Note: this is a function which uses in the XML::Twig parser (called as function pointer).

load_configuration()

load_configuration();

The method process and loads the configuration file (set in the attribute configuration of the current object). The attributes reg_exps and case_insensitive are set by this method.

filtering()

filtering();

The method performs the full filtering of the terms:

setting of the temporary file if not defined
opening the XML output file
setting the XML::Twig parser
processing of the XML input file in order to apply action associated to the regular expressions

printResume()

printResume();

The method prints the number of rejected terms and the number of remaining candidate terms.

rmlog()

rmlog();

The method deletes the log file.

CONFIGURATION FILE FORMAT

The configuration file defines the action to perform when an associated regular expression matches a term form. For instance:

CLEAN=FORM::/[Vv]arious/

Each line defines an association between an action (only CLEAN for the moment) and a regular expression to apply to a form of a term (FORM for the inflected form, LEMMA for the lemmatised form).

The action and regular expression parts are separated by the character =. The two elements of the regular expression are separated by two collons (::).

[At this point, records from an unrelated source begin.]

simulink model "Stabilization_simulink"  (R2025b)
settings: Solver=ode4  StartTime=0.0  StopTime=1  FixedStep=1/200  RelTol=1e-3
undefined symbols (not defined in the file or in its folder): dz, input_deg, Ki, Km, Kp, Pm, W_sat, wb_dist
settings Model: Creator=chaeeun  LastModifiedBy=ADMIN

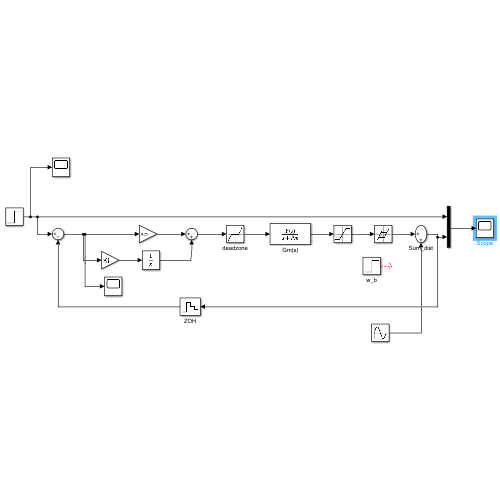
[thumbnail: Simulink's stored preview of the top-level diagram]
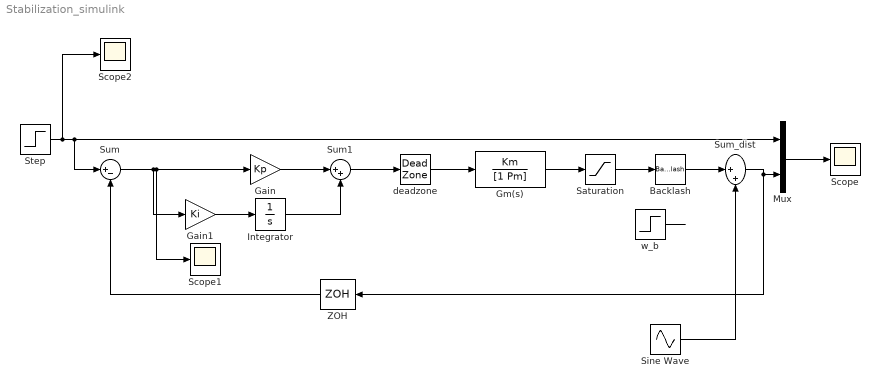
== system Stabilization_simulink ==
  Backlash : Backlash  BacklashWidth=3
  Gain : Gain  Gain=Kp
  Gain1 : Gain  Gain=Ki
  Gm(s) : TransferFcn  Numerator=Km  Denominator=[1 Pm]
  Integrator : Integrator
  Mux : Mux  Inputs=2
  Saturation : Saturate  UpperLimit=W_sat  LowerLimit=-W_sat
  Scope : Scope
      settings: ActiveDisplayYMinimum=-2.8795728821502262  ActiveDisplayYMaximum=9.6135208856703454
  Scope1 : Scope
      settings: ActiveDisplayYMinimum=-1  ActiveDisplayYMaximum=1
  Scope2 : Scope
      settings: ActiveDisplayYMinimum=-1  ActiveDisplayYMaximum=1  DataLoggingVariableName=ScopeData2
  Sine Wave : Sin  Frequency=0.5*2*pi  SampleTime=0
  Step : Step  Time=0  After=input_deg  SampleTime=0  VectorParams1D=off
  Sum : Sum  Inputs=|+-
  Sum1 : Sum  Inputs=|++
  Sum_dist : Sum  Inputs=|++
  ZOH : ZeroOrderHold  SampleTime=1/200
  deadzone : DeadZone  LowerValue=-dz  UpperValue=dz
  w_b : Step  Time=0.25  After=wb_dist  SampleTime=0  VectorParams1D=off
  wires:
  ZOH/1 -> Sum/2
  Mux/1 -> Scope/1
  Sum_dist/1 -> ZOH/1, Mux/2
  Step/1 -> Scope2/1, Mux/1, Sum/1
  Gain/1 -> Sum1/1
  Sum/1 -> Gain/1, Scope1/1, Gain1/1
  Gain1/1 -> Integrator/1
  Integrator/1 -> Sum1/2
  Sum1/1 -> deadzone/1
  deadzone/1 -> Gm(s)/1
  Gm(s)/1 -> Saturation/1
  Saturation/1 -> Backlash/1
  Backlash/1 -> Sum_dist/1
  w_b/1 -> ?
  Sine Wave/1 -> Sum_dist/2
simulink library "QuadModelLib1"  (R2022a)
settings: Solver=VariableStepAuto  StartTime=0.0  StopTime=10.0  RelTol=1e-3
values from neighbouring files (symbols this model uses):
  ModelParam_envAltitude = -50    [Init.m]
  ModelParam_noisePowerIMU = 0    [Init.m]
  ModelParam_timeSampBaro = 0.01    [Init.m]
  MotorFault1 = MotorFaultTemp    [Init.m]
undefined symbols (not defined in the file or in its folder): BatteryFault, Earth, F, FaultParamAPI, Light, LoadFault, MIL, ModelParam_noiseLowPassFilterCoeAccel, ModelParam_noiseLowPassFilterCoeGyro, Moderate, PropFault, SensorFault, WGS84, WindFault
libraries: aerolibwind2 x4, aerolibtransform2 x1, simulink x1, aerolibasang x1, aerolibatmos2 x1, aerolibnav x1, aerolibgravity2 x1
(part 2 of 2)

== matlab function QuadModelLib1/SensorFault/baro NoiseFun ==
  settings: updateMethod=DISCRETE
  data: BaroIn input; isBaroFault input; y output; BaroFaultParams input
function y = BaroFaultFun(BaroIn,isBaroFault,BaroFaultParams)
    y = BaroIn;
    
    if isBaroFault
        flag = BaroFaultParams(1);
        
       
        if flag == 1
            y = BaroFaultParams(2);
        elseif flag == 2
            y = y + BaroFaultParams(2);
        elseif flag == 3
            mean = BaroFaultParams(2);
            stddev = BaroFaultParams(3);
            y = y + generate_wgn(mean,stddev);
        elseif flag == 4
            y = y * BaroFaultParams(2);
        end

    end

end

function y = generate_wgn(mean,stddev)
    persistent V1 V2 S phase

    if isempty(phase)
        phase = true;
        V1 = 0; 
        V2 = 0; 
        S = 0; 
    end
    
    if phase
        while true
            U1 = rand();
            U2 = rand();
            V1 = 2.0 * U1 - 1.0;
            V2 = 2.0 * U2 - 1.0;
            S = V1 * V1 + V2 * V2;
            if S < 1.0 && abs(S) >= 1e-8
                break;
            end
        end
        X = V1 * sqrt(-2.0 * log(S) / S);
    else
        X = V2 * sqrt(-2.0 * log(S) / S);
    end
    
    y = mean + stddev * X;
  
    phase = ~phase;

end

== matlab function QuadModelLib1/GPSFault/Acc NoiseFun ==
  settings: updateMethod=DISCRETE
  data: GPSIn input; y output; isGPSFault input; GPSFaultParams input; satellites output; GPS3Dfixed output
function [y, satellites, GPS3Dfixed] = GPSFaultFun(GPSIn,isGPSFault,GPSFaultParams)
    y = GPSIn;
    satellites = 10;
    GPS3Dfixed = 3;
    
    if isGPSFault
        % FaultParams(1)为标志位
        flag = GPSFaultParams(1);
        
        % 覆盖模式，当为-1时，保持原有输出
        if flag == 1
            for ind = 1:3
                if GPSFaultParams(ind+1) ~= -1
                    y(ind) = GPSFaultParams(ind+1);
                end
            end
        
        % 叠加模式，当为-1时，保持原有输出
        elseif flag == 2
            for ind = 1:3
                if GPSFaultParams(ind+1) ~= -1
                    y(ind) = y(ind) + GPSFaultParams(ind+1);
                end
            end

        % 噪声模式，当为-1时，保持原有输出
        elseif flag == 3
            mean = GPSFaultParams(2);
            stddev = GPSFaultParams(3);
            for ind = 1:3
                if GPSFaultParams(ind+3) ~= -1
                    y(ind) = y(ind) + generate_wgn(mean,stddev);
                end
            end

        % 尺度因子模式，当为-1时，保持原有输出
        elseif flag == 4
            for ind = 1:3
                if GPSFaultParams(ind+1) ~= -1
                    y(ind) = y(ind) * GPSFaultParams(ind+1);
                end
            end

        % 改变搜星数
        elseif flag == 5
           satellites = GPSFaultParams(2);

        % 改变Fixed
        elseif flag == 6
           GPS3Dfixed = GPSFaultParams(2);
           
        end
        

    end

end

function y = generate_wgn(mean,stddev)
    persistent V1 V2 S phase

    if isempty(phase)
        phase = true;
        V1 = 0;
        V2 = 0;
        S = 0;
    end
    
    if phase
        while true
            U1 = rand();
            U2 = rand();
            V1 = 2.0 * U1 - 1.0;
            V2 = 2.0 * U2 - 1.0;
            S = V1 * V1 + V2 * V2;
            if S < 1.0 && abs(S) >= 1e-8
                break;
            end
        end
        X = V1 * sqrt(-2.0 * log(S) / S);
    else
        X = V2 * sqrt(-2.0 * log(S) / S);
    end
    
    y = mean + stddev * X;
  
    phase = ~phase;

end

== matlab function QuadModelLib1/SensorFault/FaultParamsExtract1 ==
  settings: updateMethod=DISCRETE
  data: FaultID input; inInts input; hasFault_gyro output; inFloats input; FaultParam output
function [hasFault_gyro, FaultParam] = fcn(FaultID,inInts,inFloats)
persistent hFault;
persistent fParam;

if isempty(hFault)
    hFault=false;
end
if isempty(fParam)
    fParam=zeros(20,1);
end

hFaultTmp=false;
fParamTmp=zeros(20,1);
j=1;
for i=1:8
    if inInts(i) == FaultID
        hFaultTmp=true;
        fParamTmp(2*j-1)=inFloats(2*i-1);
        fParamTmp(2*j)=inFloats(2*i);
        j=j+1;
    end
end
if hFaultTmp
    hFault=hFaultTmp;
    fParamTmp(17:20) = inFloats(17:20);
    fParam=fParamTmp;
end

hasFault_gyro=hFault;
FaultParam=fParam;

== matlab function QuadModelLib1/WindFault/MATLAB Function ==
  settings: updateMethod=DISCRETE
  data: t input; isGustWind input; gWind output; GustWindParams input; turb input
function gWind = GustWindModel(t,isGustWind,GustWindParams,turb)

if(GustWindParams(2)<1)
    GustWindParams(2)=1;
end
timeVel=60/GustWindParams(2);

vmax=GustWindParams(1);

persistent t0;
if isempty(t0)
    t0=0;
end

persistent isInGust;
if isempty(isInGust)
    isInGust=0;
end

persistent t1;
if isempty(t1)
    t1=2;
end

persistent a;
if isempty(a)
    a=0.5;
end

persistent ang;
if isempty(ang)
    ang=pi/2;
end

persistent wlast;
if isempty(wlast)
    wlast=vmax*0.5;
end

persistent wNow;
if isempty(wNow)
    wNow=1.4*0.8*vmax;
end


if isGustWind&&isInGust<0.5
    t0=t;
    t1=timeVel*(3/4+1/2*rand(1));
    a=1/4+1/2*rand(1);
    ang=pi*2*rand(1);
    wlast=wNow;
    wNow=1.2*(rand(1)*0.5+0.5)*vmax;
    
    isInGust=1;
end

if ~isGustWind
    isInGust=0;
end

gWind=[0;0;0];

if(t<t0+t1*a)
    gWindMag=(wNow-wlast)/2*(1-cos((t-t0)/(t1*a)*pi))+wlast;
else
    gWindMag=wNow;
end

if abs(t-(t0+t1))<0.05
    rng(t*1000);
    t0=t;
    t1=timeVel*(3/4+1/2*rand(1));
    a=1/4+1/2*rand(1);
    ang=ang+0.1*pi*rand(1);
    wlast=wNow;
    wNow=1.2*(rand(1)*0.5+0.5)*vmax;
end

gWind(1)=gWindMag*cos(ang)*0.8+turb(1)*0.4;
gWind(2)=gWindMag*sin(ang)*0.8+turb(2)*0.4;
gWind(3)=turb(3)*0.4;

== matlab function QuadModelLib1/WindFault/MATLAB Function1 ==
  data: wind output size=3; isConstWind input; isGustWind input; isTurbWind input; isSheerWind input; ConstWind input; GustWind input; TurbWind input; SheerWind input
function wind = WindFun(isConstWind,isGustWind,isTurbWind,isSheerWind,ConstWind,GustWind,TurbWind,SheerWind)
wind=[0;0;0];
if isConstWind
    wind=[ConstWind(1);ConstWind(2);ConstWind(3)];
elseif isGustWind
    wind=GustWind;
elseif isTurbWind
    wind=TurbWind;
elseif isSheerWind
    wind=SheerWind;
end

== matlab function QuadModelLib1/MotorFault/FaultParamsExtract ==
  settings: updateMethod=DISCRETE
  data: FaultID input; inInts input; hasFault output; inFloats input; FaultParam output
function [hasFault, FaultParam] = fcn(FaultID,inInts,inFloats)
persistent hFault;
persistent fParam;

if isempty(hFault)
    hFault=false;
end
if isempty(fParam)
    fParam=zeros(20,1);
end

hFaultTmp=false;
fParamTmp=zeros(20,1);
j=1;

for i=1:8
    if inInts(i) == FaultID
        hFaultTmp=true;
        fParamTmp(2*j-1)=inFloats(2*i-1);
        fParamTmp(2*j)=inFloats(2*i);
        j=j+1;
    end
end
if hFaultTmp
    hFault=hFaultTmp;
    fParamTmp(17:20) = inFloats(17:20);
    fParam=fParamTmp;
end

hasFault=hFault;
FaultParam=fParam;

== matlab function QuadModelLib1/BatteryFault/FaultParamsExtract1 ==
  settings: updateMethod=DISCRETE
  data: FaultID input; inInts input; hasFault_isPowOff output; inFloats input; FaultParam output
function [hasFault_isPowOff, FaultParam] = fcn(FaultID,inInts,inFloats)
persistent hFault;
persistent fParam;

if isempty(hFault)
    hFault=false;
end
if isempty(fParam)
    fParam=zeros(20,1);
end

hFaultTmp=false;
fParamTmp=zeros(20,1);
j=1;
for i=1:8
    if inInts(i) == FaultID
        hFaultTmp=true;
        fParamTmp(2*j-1)=inFloats(2*i-1);
        fParamTmp(2*j)=inFloats(2*i);
        j=j+1;
    end
end
if hFaultTmp
    hFault=hFaultTmp;
    fParamTmp(17:20) = inFloats(17:20);
    fParam=fParamTmp;
end

hasFault_isPowOff=hFault;
FaultParam=fParam;

== matlab function QuadModelLib1/WindFault/FaultParamsExtract1 ==
  settings: updateMethod=DISCRETE
  data: FaultID input; inInts input; hasFault_GustWind output; inFloats input; FaultParam output
function [hasFault_GustWind, FaultParam] = fcn(FaultID,inInts,inFloats)
persistent hFault;
persistent fParam;

if isempty(hFault)
    hFault=false;
end
if isempty(fParam)
    fParam=zeros(20,1);
end

hFaultTmp=false;
fParamTmp=zeros(20,1);
j=1;
for i=1:8
    if inInts(i) == FaultID
        hFaultTmp=true;
        fParamTmp(2*j-1)=inFloats(2*i-1);
        fParamTmp(2*j)=inFloats(2*i);
        j=j+1;
    end
end
if hFaultTmp
    hFault=hFaultTmp;
    fParamTmp(17:20) = inFloats(17:20);
    fParam=fParamTmp;
end

hasFault_GustWind=hFault;
FaultParam=fParam;

== matlab function QuadModelLib1/WindFault/FaultParamsExtract4 ==
  settings: updateMethod=DISCRETE
  data: FaultID input; inInts input; hasFault_WindNoise output; inFloats input; FaultParam output
function [hasFault_WindNoise, FaultParam] = fcn(FaultID,inInts,inFloats)
persistent hFault;
persistent fParam;

if isempty(hFault)
    hFault=false;
end
if isempty(fParam)
    fParam=zeros(20,1);
end

hFaultTmp=false;
fParamTmp=zeros(20,1);
j=1;
for i=1:8
    if inInts(i) == FaultID
        hFaultTmp=true;
        fParamTmp(2*j-1)=inFloats(2*i-1);
        fParamTmp(2*j)=inFloats(2*i);
        j=j+1;
    end
end
if hFaultTmp
    hFault=hFaultTmp;
    fParamTmp(17:20) = inFloats(17:20);
    fParam=fParamTmp;
end

hasFault_WindNoise=hFault;
FaultParam=fParam;

Comments are introduced by a # character at the begin of the line.

SEE ALSO

Documentation of Lingua::YaTeA

AUTHORS

Wiktoria Golik <wiktoria.golik@jouy.inra.fr>, Zorana Ratkovic <Zorana.Ratkovic@jouy.inra.fr>, Robert Bossy <Robert.Bossy@jouy.inra.fr>, Claire Nédellec <claire.nedellec@jouy.inra.fr>, Thierry Hamon <thierry.hamon@univ-paris13.fr>

LICENSE

Copyright (C) 2012 Wiktoria Golik, Zorana Ratkovic, Robert Bossy, Claire Nédellec and Thierry Hamon

This library is free software; you can redistribute it and/or modify it under the same terms as Perl itself, either Perl version 5.8.6 or, at your option, any later version of Perl 5 you may have available.